> _What this task involves_
Nothing but the images is to be left out of your exact copy of the entries.

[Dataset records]
———
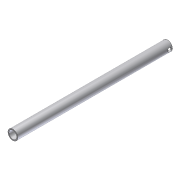
# Autodesk Inventor part: FE-00003-01
Saved by Autodesk Inventor 2012 (Build 160160000, 160)
## iProperties
Created: 2008-05-15
Part Number: FE-00003-01
Document SubType Name: Modeling
Designer: narosenberg
Density: 1 g/cm^3
Description: Rail Pin
Material: Default
Author: narosenberg
Autodesk Inventor part; units mm, degrees
ref_plane "XZ Plane" through (0, 0, 0) normal (0, 1, 0) x (-1, 0, 0)
ref_plane "XY Plane" through (0, 0, 0) normal (0, 0, 1) x (1, 0, 0)
sketch "Sketch1" plane through (0, 0, 0) normal (0, 0, 1) x (1, 0, 0)
  circle A0 centre (-10.274, 6.5449) radius 16.7005
  dimension "d0" = 33.401
  constraints: 1 centre point
  measures "d0" diameter of A0
extrude "Extrusion1" add sketch "Sketch1" along normal blind 520.7
shell "Shell1" thickness 3.3782 removed faces 2 at (-15.0414, 5.2901, 0) at (-15.0414, 5.2901, 520.7)
ref_plane "Work Plane1" through (6.4265, 6.5449, 0) normal (1, 0, 0) x (0, 1, 0)
sketch "Sketch3" plane through (6.4265, 6.5449, 0) normal (1, 0, 0) x (0, 1, 0)
  line L0 (13.3223, 0) -> (-13.3223, 0) projected
  circle A0 centre (0, 9.525) radius 6.35
  dimension "d4" = 12.7
  dimension "d5" = 9.525
  constraints: 1 centre point
  measures "d4" diameter of A0
  measures "d5" distance from line of A0.centre L0
extrude "Extrusion2" cut sketch "Sketch3" against normal through all
body "Solid1"
———
> _Task result_
# Autodesk Inventor part: FE-00003-01
Saved by Autodesk Inventor 2012 (Build 160160000, 160)
## iProperties
Created: 2008-05-15
Part Number: FE-00003-01
Document SubType Name: Modeling
Designer: narosenberg
Density: 1 g/cm^3
Description: Rail Pin
Material: Default
Author: narosenberg
Autodesk Inventor part; units mm, degrees
ref_plane "XZ Plane" through (0, 0, 0) normal (0, 1, 0) x (-1, 0, 0)
ref_plane "XY Plane" through (0, 0, 0) normal (0, 0, 1) x (1, 0, 0)
sketch "Sketch1" plane through (0, 0, 0) normal (0, 0, 1) x (1, 0, 0)
  circle A0 centre (-10.274, 6.5449) radius 16.7005
  dimension "d0" = 33.401
  constraints: 1 centre point
  measures "d0" diameter of A0
extrude "Extrusion1" add sketch "Sketch1" along normal blind 520.7
shell "Shell1" thickness 3.3782 removed faces 2 at (-15.0414, 5.2901, 0) at (-15.0414, 5.2901, 520.7)
ref_plane "Work Plane1" through (6.4265, 6.5449, 0) normal (1, 0, 0) x (0, 1, 0)
sketch "Sketch3" plane through (6.4265, 6.5449, 0) normal (1, 0, 0) x (0, 1, 0)
  line L0 (13.3223, 0) -> (-13.3223, 0) projected
  circle A0 centre (0, 9.525) radius 6.35
  dimension "d4" = 12.7
  dimension "d5" = 9.525
  constraints: 1 centre point
  measures "d4" diameter of A0
  measures "d5" distance from line of A0.centre L0
extrude "Extrusion2" cut sketch "Sketch3" against normal through all
body "Solid1"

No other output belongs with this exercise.